## INFORMATION SUPPLIED
--------------------------------------------------
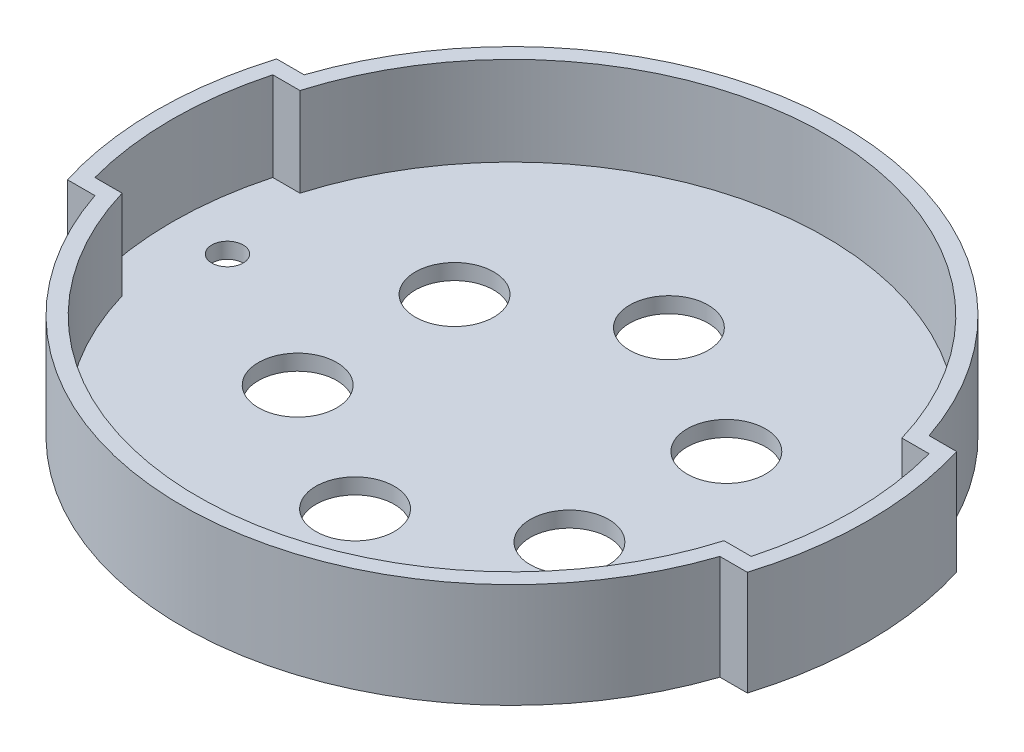
SolidWorks part; units mm, degrees
ref_plane "Front Plane" through (0, 0, 0) normal (0, 0, 1) x (1, 0, 0)
ref_plane "Top Plane" through (0, 0, 0) normal (0, 1, 0) x (1, 0, 0)
ref_plane "Right Plane" through (0, 0, 0) normal (1, 0, 0) x (0, 0, -1)
sketch "Sketch1" plane through (0, 0, 0) normal (0, 1, 0) x (1, 0, 0)
  circle A0 centre (0, 0) radius 68
  dimension "D1" = 136
extrude "Boss-Extrude1" add sketch "Sketch1" along normal blind 20
sketch "Sketch2" plane through (0, 20, 0) normal (0, 1, 0) x (1, 0, 0)
  line L1 (0, 37.0764) -> (0, -27.4787) construction
  line L5 (-59.7411, -20) -> (-64.9923, -20)
  line L6 (-59.7411, 20) -> (-64.9923, 20)
  line L7 (59.7411, -20) -> (64.9923, -20)
  line L8 (59.7411, 20) -> (64.9923, 20)
  line L9 (-28.4675, 0) -> (19.3594, 0) construction
  arc A0 (-59.7411, -20) -> (59.7411, -20) centre (0, 0) ccw
  arc A1 (-64.9923, -20) -> (64.9923, -20) centre (0, 0) ccw
  circle A2 centre (0, 0) radius 68 construction
  arc A3 (59.7411, 20) -> (-59.7411, 20) centre (0, 0) ccw
  arc A4 (64.9923, 20) -> (-64.9923, 20) centre (0, 0) ccw
  dimension "D1" = 126
  dimension "D2" = 40
  dimension "D3" = 40
extrude "Cut-Extrude1" cut sketch "Sketch2" against normal up to surface (20 mm away) up to face at (0, 0, 68)
shell "Shell1" thickness 3 removed face at (0, 20, 0)
sketch "Sketch3" plane through (0, 0, 0) normal (0, -1, 0) x (1, 0, 0)
  line L0 (-78.2757, 0) -> (93.912, 0) construction
  line L1 (0, -33.8158) -> (0, 27.4106) construction
  circle A0 centre (-54.4, 0) radius 3
  circle A1 centre (54.4, 0) radius 3
  circle A2 centre (0, 30) radius 7.5
  circle A3 centre (25.9808, 15) radius 7.5
  circle A4 centre (25.9808, -15) radius 7.5
  circle A5 centre (0, -30) radius 7.5
  circle A6 centre (-25.9808, -15) radius 7.5
  circle A7 centre (-25.9808, 15) radius 7.5
  point P11 (0, 0)
  point P12 (0, -27.599)
  point P24 (0, 0)
  dimension "D1" = 6
  dimension "D2" = 6
  dimension "D5" = 15
  dimension "D3" = 54.4
  dimension "D4" = 54.4
  dimension "D6" = 30
  dimension "D8" = 30
  dimension "D7" = 6
extrude "Cut-Extrude2" cut sketch "Sketch3" against normal through all both and the other way through all
--------------------------------------------------
## WHAT THE TASK ASKS
In your answer, print the entries above exactly, with the pictures left out.

## RESPONSE
SolidWorks part; units mm, degrees
ref_plane "Front Plane" through (0, 0, 0) normal (0, 0, 1) x (1, 0, 0)
ref_plane "Top Plane" through (0, 0, 0) normal (0, 1, 0) x (1, 0, 0)
ref_plane "Right Plane" through (0, 0, 0) normal (1, 0, 0) x (0, 0, -1)
sketch "Sketch1" plane through (0, 0, 0) normal (0, 1, 0) x (1, 0, 0)
  circle A0 centre (0, 0) radius 68
  dimension "D1" = 136
extrude "Boss-Extrude1" add sketch "Sketch1" along normal blind 20
sketch "Sketch2" plane through (0, 20, 0) normal (0, 1, 0) x (1, 0, 0)
  line L1 (0, 37.0764) -> (0, -27.4787) construction
  line L5 (-59.7411, -20) -> (-64.9923, -20)
  line L6 (-59.7411, 20) -> (-64.9923, 20)
  line L7 (59.7411, -20) -> (64.9923, -20)
  line L8 (59.7411, 20) -> (64.9923, 20)
  line L9 (-28.4675, 0) -> (19.3594, 0) construction
  arc A0 (-59.7411, -20) -> (59.7411, -20) centre (0, 0) ccw
  arc A1 (-64.9923, -20) -> (64.9923, -20) centre (0, 0) ccw
  circle A2 centre (0, 0) radius 68 construction
  arc A3 (59.7411, 20) -> (-59.7411, 20) centre (0, 0) ccw
  arc A4 (64.9923, 20) -> (-64.9923, 20) centre (0, 0) ccw
  dimension "D1" = 126
  dimension "D2" = 40
  dimension "D3" = 40
extrude "Cut-Extrude1" cut sketch "Sketch2" against normal up to surface (20 mm away) up to face at (0, 0, 68)
shell "Shell1" thickness 3 removed face at (0, 20, 0)
sketch "Sketch3" plane through (0, 0, 0) normal (0, -1, 0) x (1, 0, 0)
  line L0 (-78.2757, 0) -> (93.912, 0) construction
  line L1 (0, -33.8158) -> (0, 27.4106) construction
  circle A0 centre (-54.4, 0) radius 3
  circle A1 centre (54.4, 0) radius 3
  circle A2 centre (0, 30) radius 7.5
  circle A3 centre (25.9808, 15) radius 7.5
  circle A4 centre (25.9808, -15) radius 7.5
  circle A5 centre (0, -30) radius 7.5
  circle A6 centre (-25.9808, -15) radius 7.5
  circle A7 centre (-25.9808, 15) radius 7.5
  point P11 (0, 0)
  point P12 (0, -27.599)
  point P24 (0, 0)
  dimension "D1" = 6
  dimension "D2" = 6
  dimension "D5" = 15
  dimension "D3" = 54.4
  dimension "D4" = 54.4
  dimension "D6" = 30
  dimension "D8" = 30
  dimension "D7" = 6
extrude "Cut-Extrude2" cut sketch "Sketch3" against normal through all both and the other way through all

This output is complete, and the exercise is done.